Changes in forecasts:

Economic forecasts

Tax revenue (1.3) (1.6) (2.1) (2.9)
Benefit expenses 0.3 0.2 0.5 0.6
Net finance costs - 0.2 0.2 0.1
GSF expenses - 0.1 0.1 0.1
Policy changes:
Road user charges and fuel excise duty - 0.2 0.3 0.4
Transport-related expenses - (0.1) (0.1) (0.2)

Timing differences:

Earthquake expenses 0.7 0.3 0.1 0.1
Change in top-down 0.5 0.1 0.1 0.1

Other changes:

Tax forecasting changes 0.2 0.4 0.5 0.2
ACC (0.1) 0.1 0.2 0.3
Other 0.3 0.1 0.1 0.5
Total changes since Budget Update 0.6 (0.0) (0.1) (0.7)
OBEGAL - Half Year Update (7.3) (2.0) 0.1 1.4

Source:  The Treasury

Economic forecasts:

The downward revision in nominal GDP reduced tax revenue forecasts, but the impact of these was partially offset by reductions in forecasts for benefits and finance costs as inflation and interest rates are now forecast to be lower than at the Budget Update

Policy changes:

Increases in road user charges and fuel excise are expected with the increase in revenue used to fund transport-related operating and capital costs.

Timing differences: 

While the earthquake costs are expected to be similar to those forecast at Budget 2012, the profile has changed, with costs now being recognised earlier.  In addition, some costs are now capital in nature, reducing the impact on the OBEGAL.

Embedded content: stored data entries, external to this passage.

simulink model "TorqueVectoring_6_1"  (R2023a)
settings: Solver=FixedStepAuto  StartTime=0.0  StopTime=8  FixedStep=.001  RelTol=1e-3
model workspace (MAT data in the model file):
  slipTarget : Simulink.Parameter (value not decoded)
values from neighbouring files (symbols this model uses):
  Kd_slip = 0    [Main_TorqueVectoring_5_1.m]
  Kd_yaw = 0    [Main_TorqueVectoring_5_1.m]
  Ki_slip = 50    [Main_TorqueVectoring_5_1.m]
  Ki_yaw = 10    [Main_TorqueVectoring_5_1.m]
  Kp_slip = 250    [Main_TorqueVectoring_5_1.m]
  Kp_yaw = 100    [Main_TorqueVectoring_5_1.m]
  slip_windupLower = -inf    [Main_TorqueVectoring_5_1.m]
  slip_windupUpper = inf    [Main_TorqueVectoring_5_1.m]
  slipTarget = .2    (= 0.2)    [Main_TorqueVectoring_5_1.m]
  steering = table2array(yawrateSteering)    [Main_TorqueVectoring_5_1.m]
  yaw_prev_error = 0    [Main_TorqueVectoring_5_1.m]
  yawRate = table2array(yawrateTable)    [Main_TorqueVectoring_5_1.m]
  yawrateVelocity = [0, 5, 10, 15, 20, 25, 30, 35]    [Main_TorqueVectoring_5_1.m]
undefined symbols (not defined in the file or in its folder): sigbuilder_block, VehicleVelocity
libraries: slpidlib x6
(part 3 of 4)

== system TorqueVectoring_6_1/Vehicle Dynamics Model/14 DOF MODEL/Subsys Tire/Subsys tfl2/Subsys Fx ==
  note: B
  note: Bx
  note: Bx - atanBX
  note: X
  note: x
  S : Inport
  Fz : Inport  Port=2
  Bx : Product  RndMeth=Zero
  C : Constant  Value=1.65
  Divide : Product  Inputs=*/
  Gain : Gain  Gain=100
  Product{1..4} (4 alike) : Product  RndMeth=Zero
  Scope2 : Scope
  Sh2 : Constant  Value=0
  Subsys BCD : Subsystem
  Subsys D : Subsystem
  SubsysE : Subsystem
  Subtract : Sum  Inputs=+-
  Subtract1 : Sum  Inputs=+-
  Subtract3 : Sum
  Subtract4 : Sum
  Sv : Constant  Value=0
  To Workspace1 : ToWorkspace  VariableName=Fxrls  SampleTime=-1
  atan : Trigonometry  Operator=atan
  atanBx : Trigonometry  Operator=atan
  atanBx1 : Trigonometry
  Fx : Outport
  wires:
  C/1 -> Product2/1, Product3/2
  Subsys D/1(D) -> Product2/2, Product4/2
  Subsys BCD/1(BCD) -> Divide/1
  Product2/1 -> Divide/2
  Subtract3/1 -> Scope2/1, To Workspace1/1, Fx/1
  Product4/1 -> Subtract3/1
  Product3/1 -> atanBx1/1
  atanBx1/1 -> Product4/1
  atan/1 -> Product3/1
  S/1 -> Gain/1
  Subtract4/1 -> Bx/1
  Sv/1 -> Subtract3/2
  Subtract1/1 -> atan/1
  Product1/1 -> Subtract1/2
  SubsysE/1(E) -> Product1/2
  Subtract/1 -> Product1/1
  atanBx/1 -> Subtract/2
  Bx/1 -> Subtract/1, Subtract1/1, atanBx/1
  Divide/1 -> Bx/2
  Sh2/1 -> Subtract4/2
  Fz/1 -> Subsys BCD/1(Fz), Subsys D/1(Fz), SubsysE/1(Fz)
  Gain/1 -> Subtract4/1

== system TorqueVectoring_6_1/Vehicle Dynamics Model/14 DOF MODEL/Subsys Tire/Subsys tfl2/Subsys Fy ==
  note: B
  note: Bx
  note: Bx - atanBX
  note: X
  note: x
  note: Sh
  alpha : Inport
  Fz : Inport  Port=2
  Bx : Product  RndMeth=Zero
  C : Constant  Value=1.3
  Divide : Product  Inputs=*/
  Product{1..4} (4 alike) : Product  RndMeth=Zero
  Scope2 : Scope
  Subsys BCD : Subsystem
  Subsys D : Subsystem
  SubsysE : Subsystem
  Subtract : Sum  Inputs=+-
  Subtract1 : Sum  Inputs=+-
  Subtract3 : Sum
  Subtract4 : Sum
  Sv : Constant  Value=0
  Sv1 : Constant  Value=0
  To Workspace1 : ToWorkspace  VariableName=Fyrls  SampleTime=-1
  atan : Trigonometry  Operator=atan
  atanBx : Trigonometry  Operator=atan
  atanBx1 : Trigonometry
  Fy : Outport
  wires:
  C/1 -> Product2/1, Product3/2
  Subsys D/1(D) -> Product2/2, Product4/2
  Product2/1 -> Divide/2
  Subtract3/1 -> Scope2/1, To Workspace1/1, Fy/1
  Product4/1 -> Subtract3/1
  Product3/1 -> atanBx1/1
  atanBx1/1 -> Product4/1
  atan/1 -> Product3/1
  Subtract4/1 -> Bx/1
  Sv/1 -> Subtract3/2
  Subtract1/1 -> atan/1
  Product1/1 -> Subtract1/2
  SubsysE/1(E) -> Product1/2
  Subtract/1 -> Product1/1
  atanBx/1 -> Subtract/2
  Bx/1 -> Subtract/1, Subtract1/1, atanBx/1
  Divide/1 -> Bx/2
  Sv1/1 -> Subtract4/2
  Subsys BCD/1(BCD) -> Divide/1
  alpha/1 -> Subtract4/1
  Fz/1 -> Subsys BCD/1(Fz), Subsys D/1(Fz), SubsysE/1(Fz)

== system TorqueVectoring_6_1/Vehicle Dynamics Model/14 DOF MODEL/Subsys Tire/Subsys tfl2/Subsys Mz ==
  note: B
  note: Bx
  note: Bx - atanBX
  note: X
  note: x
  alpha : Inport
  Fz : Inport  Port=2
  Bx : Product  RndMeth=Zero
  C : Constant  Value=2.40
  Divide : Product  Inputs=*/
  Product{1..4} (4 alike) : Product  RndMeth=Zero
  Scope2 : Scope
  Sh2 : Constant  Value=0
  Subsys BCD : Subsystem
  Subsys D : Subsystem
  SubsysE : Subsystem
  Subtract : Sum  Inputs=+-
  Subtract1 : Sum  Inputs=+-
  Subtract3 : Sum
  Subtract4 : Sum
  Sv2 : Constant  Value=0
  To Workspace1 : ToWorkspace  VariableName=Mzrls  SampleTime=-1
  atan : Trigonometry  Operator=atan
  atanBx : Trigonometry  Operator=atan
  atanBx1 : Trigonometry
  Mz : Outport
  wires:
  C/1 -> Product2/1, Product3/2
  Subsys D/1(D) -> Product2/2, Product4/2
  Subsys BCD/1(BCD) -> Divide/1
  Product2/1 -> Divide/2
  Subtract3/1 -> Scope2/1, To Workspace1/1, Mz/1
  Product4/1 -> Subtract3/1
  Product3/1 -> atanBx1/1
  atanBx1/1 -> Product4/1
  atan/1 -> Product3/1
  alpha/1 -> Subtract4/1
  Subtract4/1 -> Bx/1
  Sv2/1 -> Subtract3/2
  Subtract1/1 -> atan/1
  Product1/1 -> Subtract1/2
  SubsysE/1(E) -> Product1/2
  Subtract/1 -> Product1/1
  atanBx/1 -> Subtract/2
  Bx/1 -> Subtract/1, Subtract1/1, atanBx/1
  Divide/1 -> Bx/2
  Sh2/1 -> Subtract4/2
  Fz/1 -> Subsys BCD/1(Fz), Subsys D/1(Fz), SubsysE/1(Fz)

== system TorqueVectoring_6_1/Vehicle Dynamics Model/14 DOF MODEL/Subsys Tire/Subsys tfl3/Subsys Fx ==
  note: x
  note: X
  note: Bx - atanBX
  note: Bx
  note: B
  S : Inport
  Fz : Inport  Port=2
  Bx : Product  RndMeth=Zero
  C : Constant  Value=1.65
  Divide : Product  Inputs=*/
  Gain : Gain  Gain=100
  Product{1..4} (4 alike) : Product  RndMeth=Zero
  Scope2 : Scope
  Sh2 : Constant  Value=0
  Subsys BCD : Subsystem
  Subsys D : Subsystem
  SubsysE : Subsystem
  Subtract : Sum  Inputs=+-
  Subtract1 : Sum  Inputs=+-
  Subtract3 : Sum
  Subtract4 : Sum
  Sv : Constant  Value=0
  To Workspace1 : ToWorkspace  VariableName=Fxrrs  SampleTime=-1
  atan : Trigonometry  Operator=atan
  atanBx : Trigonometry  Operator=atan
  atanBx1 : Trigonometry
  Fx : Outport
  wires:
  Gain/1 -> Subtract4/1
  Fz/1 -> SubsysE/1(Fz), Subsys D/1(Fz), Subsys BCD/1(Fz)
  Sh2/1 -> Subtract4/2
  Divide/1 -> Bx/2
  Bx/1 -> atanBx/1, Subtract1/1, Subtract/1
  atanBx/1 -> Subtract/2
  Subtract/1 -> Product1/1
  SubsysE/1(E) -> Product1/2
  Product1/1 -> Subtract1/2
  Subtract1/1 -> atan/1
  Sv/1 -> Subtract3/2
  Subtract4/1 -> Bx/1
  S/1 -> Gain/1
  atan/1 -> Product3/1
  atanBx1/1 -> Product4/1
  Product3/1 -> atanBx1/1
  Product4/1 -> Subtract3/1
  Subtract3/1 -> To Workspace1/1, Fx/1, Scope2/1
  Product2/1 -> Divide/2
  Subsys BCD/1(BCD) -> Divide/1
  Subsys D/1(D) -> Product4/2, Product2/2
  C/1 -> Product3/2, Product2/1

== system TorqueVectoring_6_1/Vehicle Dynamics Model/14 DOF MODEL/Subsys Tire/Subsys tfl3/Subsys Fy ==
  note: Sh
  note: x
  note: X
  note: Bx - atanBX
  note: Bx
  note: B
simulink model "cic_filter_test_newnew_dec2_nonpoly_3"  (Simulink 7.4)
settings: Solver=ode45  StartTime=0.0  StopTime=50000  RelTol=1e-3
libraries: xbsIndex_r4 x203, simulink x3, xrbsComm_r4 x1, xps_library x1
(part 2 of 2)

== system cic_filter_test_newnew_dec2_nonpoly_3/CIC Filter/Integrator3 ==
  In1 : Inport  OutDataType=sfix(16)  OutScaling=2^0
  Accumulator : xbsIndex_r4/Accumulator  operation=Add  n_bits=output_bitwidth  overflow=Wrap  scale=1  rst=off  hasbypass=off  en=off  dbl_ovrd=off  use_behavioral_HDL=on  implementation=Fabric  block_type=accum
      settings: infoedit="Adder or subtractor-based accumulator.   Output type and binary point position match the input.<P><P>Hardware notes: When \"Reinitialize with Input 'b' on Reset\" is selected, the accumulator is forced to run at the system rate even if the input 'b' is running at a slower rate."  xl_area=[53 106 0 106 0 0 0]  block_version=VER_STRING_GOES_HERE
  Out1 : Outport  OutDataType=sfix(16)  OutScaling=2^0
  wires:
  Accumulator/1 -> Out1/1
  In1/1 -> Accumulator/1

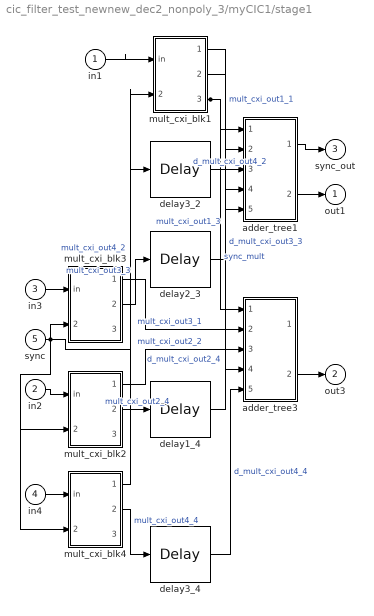
== system cic_filter_test_newnew_dec2_nonpoly_3/myCIC1/stage1 ==
  in1 : Inport
  in2 : Inport  Port=2
  in3 : Inport  Port=3
  in4 : Inport  Port=4
  sync : Inport  Port=5
  adder_tree1 : Subsystem
  adder_tree3 : Subsystem
  delay1_4 : xbsIndex_r4/Delay  en=off  latency=1  dbl_ovrd=off  reg_retiming=off  block_type=delay
      settings: block_version=11.4
  delay2_3 : xbsIndex_r4/Delay  en=off  latency=1  dbl_ovrd=off  reg_retiming=off  block_type=delay
      settings: block_version=11.4
  delay3_2 : xbsIndex_r4/Delay  en=off  latency=1  dbl_ovrd=off  reg_retiming=off  block_type=delay
      settings: block_version=11.4
  delay3_4 : xbsIndex_r4/Delay  en=off  latency=1  dbl_ovrd=off  reg_retiming=off  block_type=delay
      settings: block_version=11.4
  mult_cxi_blk1 : Subsystem
  mult_cxi_blk2 : Subsystem
  mult_cxi_blk3 : Subsystem
  mult_cxi_blk4 : Subsystem
  out1 : Outport
  out3 : Outport  Port=2
  sync_out : Outport  Port=3
  wires:
  sync/1 -> mult_cxi_blk4/2(sync), mult_cxi_blk2/2(sync), mult_cxi_blk1/2(sync), mult_cxi_blk3/2(sync)
  mult_cxi_blk1/3(sync_out) -> adder_tree3/1(sync), adder_tree1/1(sync)  "sync_mult"
  delay3_4/1 -> adder_tree3/5(din_4)  "d_mult_cxi_out4_4"
  mult_cxi_blk2/1(out1) -> adder_tree3/3(din_2)  "mult_cxi_out2_2"
  adder_tree1/2(dout) -> out1/1
  delay1_4/1 -> adder_tree1/5(din_4)  "d_mult_cxi_out2_4"
  delay3_2/1 -> adder_tree1/3(din_2)  "d_mult_cxi_out4_2"
  mult_cxi_blk4/2(out2) -> delay3_4/1  "mult_cxi_out4_4"
  mult_cxi_blk4/1(out1) -> delay3_2/1  "mult_cxi_out4_2"
  mult_cxi_blk3/2(out2) -> delay2_3/1  "mult_cxi_out3_3"
  mult_cxi_blk2/2(out2) -> delay1_4/1  "mult_cxi_out2_4"
  in3/1 -> mult_cxi_blk3/1(in)
  in1/1 -> mult_cxi_blk1/1(in)
  in2/1 -> mult_cxi_blk2/1(in)
  in4/1 -> mult_cxi_blk4/1(in)
  mult_cxi_blk1/1(out1) -> adder_tree1/2(din_1)  "mult_cxi_out1_1"
  delay2_3/1 -> adder_tree1/4(din_3)  "d_mult_cxi_out3_3"
  adder_tree1/1(sync_out) -> sync_out/1
  mult_cxi_blk3/1(out1) -> adder_tree3/2(din_1)  "mult_cxi_out3_1"
  mult_cxi_blk1/2(out2) -> adder_tree3/4(din_3)  "mult_cxi_out1_3"
  adder_tree3/2(dout) -> out3/1

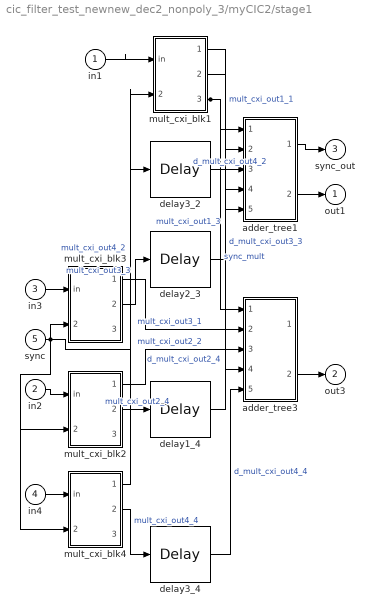
== system cic_filter_test_newnew_dec2_nonpoly_3/myCIC2/stage1 ==
  in1 : Inport
  in2 : Inport  Port=2
  in3 : Inport  Port=3
  in4 : Inport  Port=4
  sync : Inport  Port=5
  adder_tree1 : Subsystem
  adder_tree3 : Subsystem
  delay1_4 : xbsIndex_r4/Delay  en=off  latency=1  dbl_ovrd=off  reg_retiming=off  block_type=delay
      settings: block_version=11.4
  delay2_3 : xbsIndex_r4/Delay  en=off  latency=1  dbl_ovrd=off  reg_retiming=off  block_type=delay
      settings: block_version=11.4
  delay3_2 : xbsIndex_r4/Delay  en=off  latency=1  dbl_ovrd=off  reg_retiming=off  block_type=delay
      settings: block_version=11.4
  delay3_4 : xbsIndex_r4/Delay  en=off  latency=1  dbl_ovrd=off  reg_retiming=off  block_type=delay
      settings: block_version=11.4
  mult_cxi_blk1 : Subsystem
  mult_cxi_blk2 : Subsystem
  mult_cxi_blk3 : Subsystem
  mult_cxi_blk4 : Subsystem
  out1 : Outport
  out3 : Outport  Port=2
  sync_out : Outport  Port=3
  wires:
  sync/1 -> mult_cxi_blk4/2(sync), mult_cxi_blk2/2(sync), mult_cxi_blk1/2(sync), mult_cxi_blk3/2(sync)
  mult_cxi_blk1/3(sync_out) -> adder_tree3/1(sync), adder_tree1/1(sync)  "sync_mult"
  delay3_4/1 -> adder_tree3/5(din_4)  "d_mult_cxi_out4_4"
  mult_cxi_blk2/1(out1) -> adder_tree3/3(din_2)  "mult_cxi_out2_2"
  adder_tree1/2(dout) -> out1/1
  delay1_4/1 -> adder_tree1/5(din_4)  "d_mult_cxi_out2_4"
  delay3_2/1 -> adder_tree1/3(din_2)  "d_mult_cxi_out4_2"
  mult_cxi_blk4/2(out2) -> delay3_4/1  "mult_cxi_out4_4"
  mult_cxi_blk4/1(out1) -> delay3_2/1  "mult_cxi_out4_2"
  mult_cxi_blk3/2(out2) -> delay2_3/1  "mult_cxi_out3_3"
  mult_cxi_blk2/2(out2) -> delay1_4/1  "mult_cxi_out2_4"
  in3/1 -> mult_cxi_blk3/1(in)
  in1/1 -> mult_cxi_blk1/1(in)
  in2/1 -> mult_cxi_blk2/1(in)
  in4/1 -> mult_cxi_blk4/1(in)
  mult_cxi_blk1/1(out1) -> adder_tree1/2(din_1)  "mult_cxi_out1_1"
  delay2_3/1 -> adder_tree1/4(din_3)  "d_mult_cxi_out3_3"
  adder_tree1/1(sync_out) -> sync_out/1
  mult_cxi_blk3/1(out1) -> adder_tree3/2(din_1)  "mult_cxi_out3_1"
  mult_cxi_blk1/2(out2) -> adder_tree3/4(din_3)  "mult_cxi_out1_3"
  adder_tree3/2(dout) -> out3/1

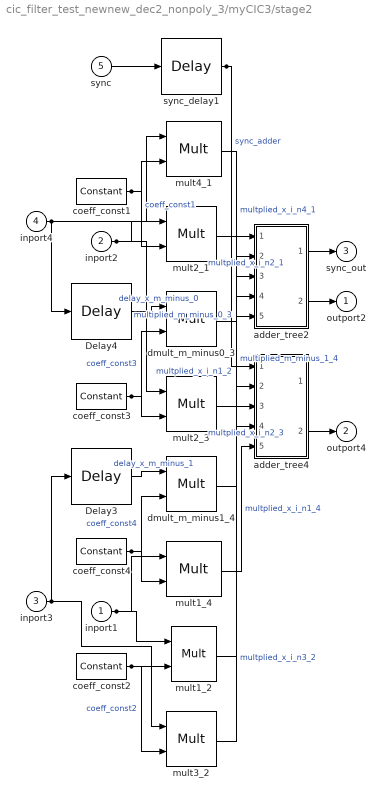
== system cic_filter_test_newnew_dec2_nonpoly_3/myCIC3/stage2 ==
  inport1 : Inport
  inport2 : Inport  Port=2
  inport3 : Inport  Port=3
  inport4 : Inport  Port=4
  sync : Inport  Port=5
  Delay3 : xbsIndex_r4/Delay  en=off  latency=1  dbl_ovrd=off  reg_retiming=off  block_type=delay
      settings: block_version=11.4
  Delay4 : xbsIndex_r4/Delay  en=off  latency=1  dbl_ovrd=off  reg_retiming=off  block_type=delay
      settings: block_version=11.4
  adder_tree2 : Subsystem
  adder_tree4 : Subsystem
  coeff_const1 : xbsIndex_r4/Constant  arith_type=Unsigned  const=1  n_bits=3  bin_pt=0  explicit_period=off  period=1  equ=P=C  opselect=C  inp2=PCIN>>17  opr=+  inp1=P  carry=CIN  dbl_ovrd=off  block_type=constant
      settings: block_version=11.4
  coeff_const2 : xbsIndex_r4/Constant  arith_type=Unsigned  const=3  n_bits=3  bin_pt=0  explicit_period=off  period=1  equ=P=C  opselect=C  inp2=PCIN>>17  opr=+  inp1=P  carry=CIN  dbl_ovrd=off  block_type=constant
      settings: block_version=11.4
  coeff_const3 : xbsIndex_r4/Constant  arith_type=Unsigned  const=3  n_bits=3  bin_pt=0  explicit_period=off  period=1  equ=P=C  opselect=C  inp2=PCIN>>17  opr=+  inp1=P  carry=CIN  dbl_ovrd=off  block_type=constant
      settings: block_version=11.4
  coeff_const4 : xbsIndex_r4/Constant  arith_type=Unsigned  const=1  n_bits=3  bin_pt=0  explicit_period=off  period=1  equ=P=C  opselect=C  inp2=PCIN>>17  opr=+  inp1=P  carry=CIN  dbl_ovrd=off  block_type=constant
      settings: block_version=11.4
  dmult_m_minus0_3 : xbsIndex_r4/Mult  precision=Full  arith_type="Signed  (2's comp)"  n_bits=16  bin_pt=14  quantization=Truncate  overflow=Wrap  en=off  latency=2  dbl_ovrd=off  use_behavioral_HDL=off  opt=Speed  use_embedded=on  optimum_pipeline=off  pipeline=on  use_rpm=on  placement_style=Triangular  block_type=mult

The 2012/13 top-down adjustment[5] has been increased significantly from the Budget Update reflecting the large department underspends in 2011/12.

Other changes:

Changes to assumptions for tax revenue forecasts were made to incorporate recent evidence which represents a structural change in tax revenue. 

Recent improvements in rehabilitation rates for ACC recipients are now thought to be more structural than initially thought, and have reduced ACC insurance expense across the forecast period.

Notes

  • [3]For more details, see the Additional Information on the Treasury website.
  • [4]To enable comparison between countries, New Zealand’s generally accepted accounting practice (GAAP) based figures have been converted to a Government Financial Statistics (GFS) basis, therefore the fiscal balance differs from other indicators in this document.  New Zealand data are for June year estimates of the central government, while the international comparators are for general government (includes local government).  For more details about GFS, see the Additional Information on the Treasury website.
  • [5]The top-down adjustment is a central adjustment to reduce department forecasts for spending, reflecting the fact that departments tend to forecast upper limits of spending rather than best estimates.